About this task: The listing below begins with the first line you should copy; stop after the line containing "Sine Wave : Sin", and drop every picture.

Information provided:

◇ ◇ ◇ ◇ ◇

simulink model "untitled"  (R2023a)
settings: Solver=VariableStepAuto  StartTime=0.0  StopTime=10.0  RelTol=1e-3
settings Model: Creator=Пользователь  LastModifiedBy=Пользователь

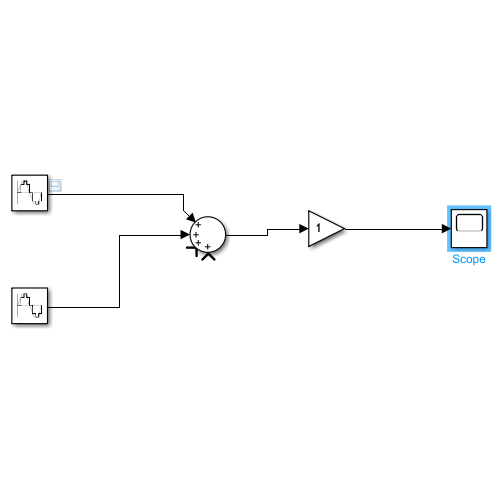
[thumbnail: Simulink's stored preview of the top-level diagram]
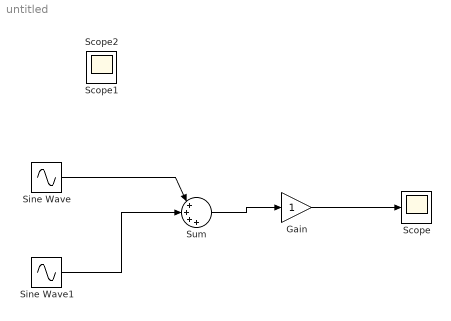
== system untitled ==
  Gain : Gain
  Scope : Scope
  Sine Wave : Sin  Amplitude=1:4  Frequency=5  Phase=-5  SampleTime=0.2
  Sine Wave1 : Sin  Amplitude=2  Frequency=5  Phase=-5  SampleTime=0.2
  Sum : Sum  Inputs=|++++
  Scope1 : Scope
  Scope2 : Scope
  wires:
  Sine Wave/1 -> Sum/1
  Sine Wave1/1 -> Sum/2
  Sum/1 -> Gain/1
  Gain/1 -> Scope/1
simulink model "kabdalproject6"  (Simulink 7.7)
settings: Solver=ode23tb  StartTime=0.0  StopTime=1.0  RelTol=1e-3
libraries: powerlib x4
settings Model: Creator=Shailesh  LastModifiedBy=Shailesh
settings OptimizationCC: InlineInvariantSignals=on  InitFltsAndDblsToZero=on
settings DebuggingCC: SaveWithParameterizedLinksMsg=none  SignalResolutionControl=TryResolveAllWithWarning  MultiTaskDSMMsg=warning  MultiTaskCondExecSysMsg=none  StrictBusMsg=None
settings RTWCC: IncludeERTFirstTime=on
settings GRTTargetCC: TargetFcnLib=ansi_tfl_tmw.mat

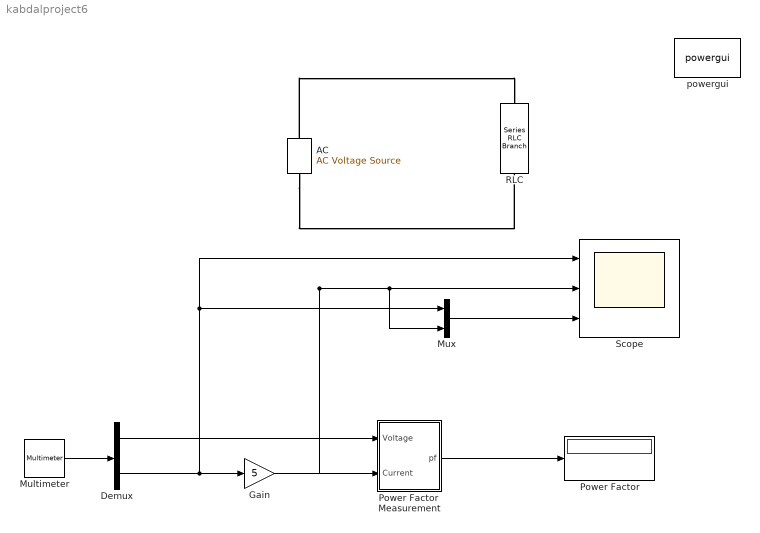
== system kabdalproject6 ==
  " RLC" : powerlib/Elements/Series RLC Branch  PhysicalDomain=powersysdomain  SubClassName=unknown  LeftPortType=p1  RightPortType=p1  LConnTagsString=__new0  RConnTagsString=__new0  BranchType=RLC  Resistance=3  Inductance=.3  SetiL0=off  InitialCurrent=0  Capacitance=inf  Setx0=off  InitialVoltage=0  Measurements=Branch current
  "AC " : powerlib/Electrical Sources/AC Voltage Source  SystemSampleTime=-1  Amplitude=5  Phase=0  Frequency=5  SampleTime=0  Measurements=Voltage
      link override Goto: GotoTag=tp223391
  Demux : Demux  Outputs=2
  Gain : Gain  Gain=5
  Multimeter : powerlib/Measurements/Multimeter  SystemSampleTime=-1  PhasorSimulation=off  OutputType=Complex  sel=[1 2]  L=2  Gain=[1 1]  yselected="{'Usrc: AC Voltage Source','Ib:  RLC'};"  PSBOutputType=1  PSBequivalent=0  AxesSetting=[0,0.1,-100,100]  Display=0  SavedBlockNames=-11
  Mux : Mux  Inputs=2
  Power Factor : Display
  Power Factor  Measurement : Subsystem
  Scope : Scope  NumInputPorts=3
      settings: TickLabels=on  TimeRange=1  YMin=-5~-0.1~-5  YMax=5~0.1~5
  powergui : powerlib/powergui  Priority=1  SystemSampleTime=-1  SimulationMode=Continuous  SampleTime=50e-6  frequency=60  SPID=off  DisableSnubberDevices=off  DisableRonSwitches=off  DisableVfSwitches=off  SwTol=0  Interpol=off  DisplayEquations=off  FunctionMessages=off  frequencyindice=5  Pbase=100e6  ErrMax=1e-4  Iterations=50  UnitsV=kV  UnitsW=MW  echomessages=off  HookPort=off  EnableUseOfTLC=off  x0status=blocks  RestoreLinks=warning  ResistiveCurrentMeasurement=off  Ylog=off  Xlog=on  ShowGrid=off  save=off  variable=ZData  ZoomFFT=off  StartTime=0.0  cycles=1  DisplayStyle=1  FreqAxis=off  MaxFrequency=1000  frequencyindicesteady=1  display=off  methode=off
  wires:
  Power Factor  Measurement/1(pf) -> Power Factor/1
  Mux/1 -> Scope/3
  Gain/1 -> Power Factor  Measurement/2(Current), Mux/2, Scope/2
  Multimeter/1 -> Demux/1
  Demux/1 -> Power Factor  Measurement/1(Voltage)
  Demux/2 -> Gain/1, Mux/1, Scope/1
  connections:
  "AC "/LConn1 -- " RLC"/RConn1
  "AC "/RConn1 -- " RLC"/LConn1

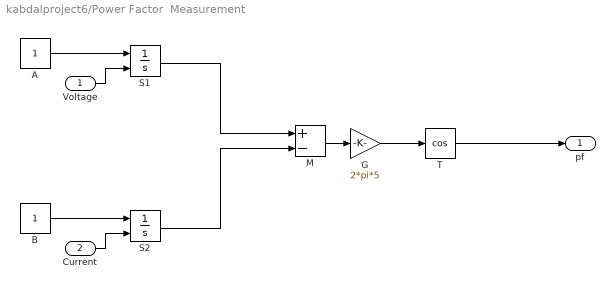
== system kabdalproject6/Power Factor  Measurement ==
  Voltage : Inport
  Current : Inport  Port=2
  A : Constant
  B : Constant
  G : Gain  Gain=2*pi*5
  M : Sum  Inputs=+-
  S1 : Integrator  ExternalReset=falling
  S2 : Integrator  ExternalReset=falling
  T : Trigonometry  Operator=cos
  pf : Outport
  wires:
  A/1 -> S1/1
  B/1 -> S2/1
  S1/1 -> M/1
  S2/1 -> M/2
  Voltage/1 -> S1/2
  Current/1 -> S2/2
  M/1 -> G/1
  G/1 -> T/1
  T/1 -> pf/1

◇ ◇ ◇ ◇ ◇

Expected answer:
simulink model "untitled"  (R2023a)
settings: Solver=VariableStepAuto  StartTime=0.0  StopTime=10.0  RelTol=1e-3
settings Model: Creator=Пользователь  LastModifiedBy=Пользователь

[thumbnail: Simulink's stored preview of the top-level diagram]
== system untitled ==
  Gain : Gain
  Scope : Scope
  Sine Wave : Sin  Amplitude=1:4  Frequency=5  Phase=-5  SampleTime=0.2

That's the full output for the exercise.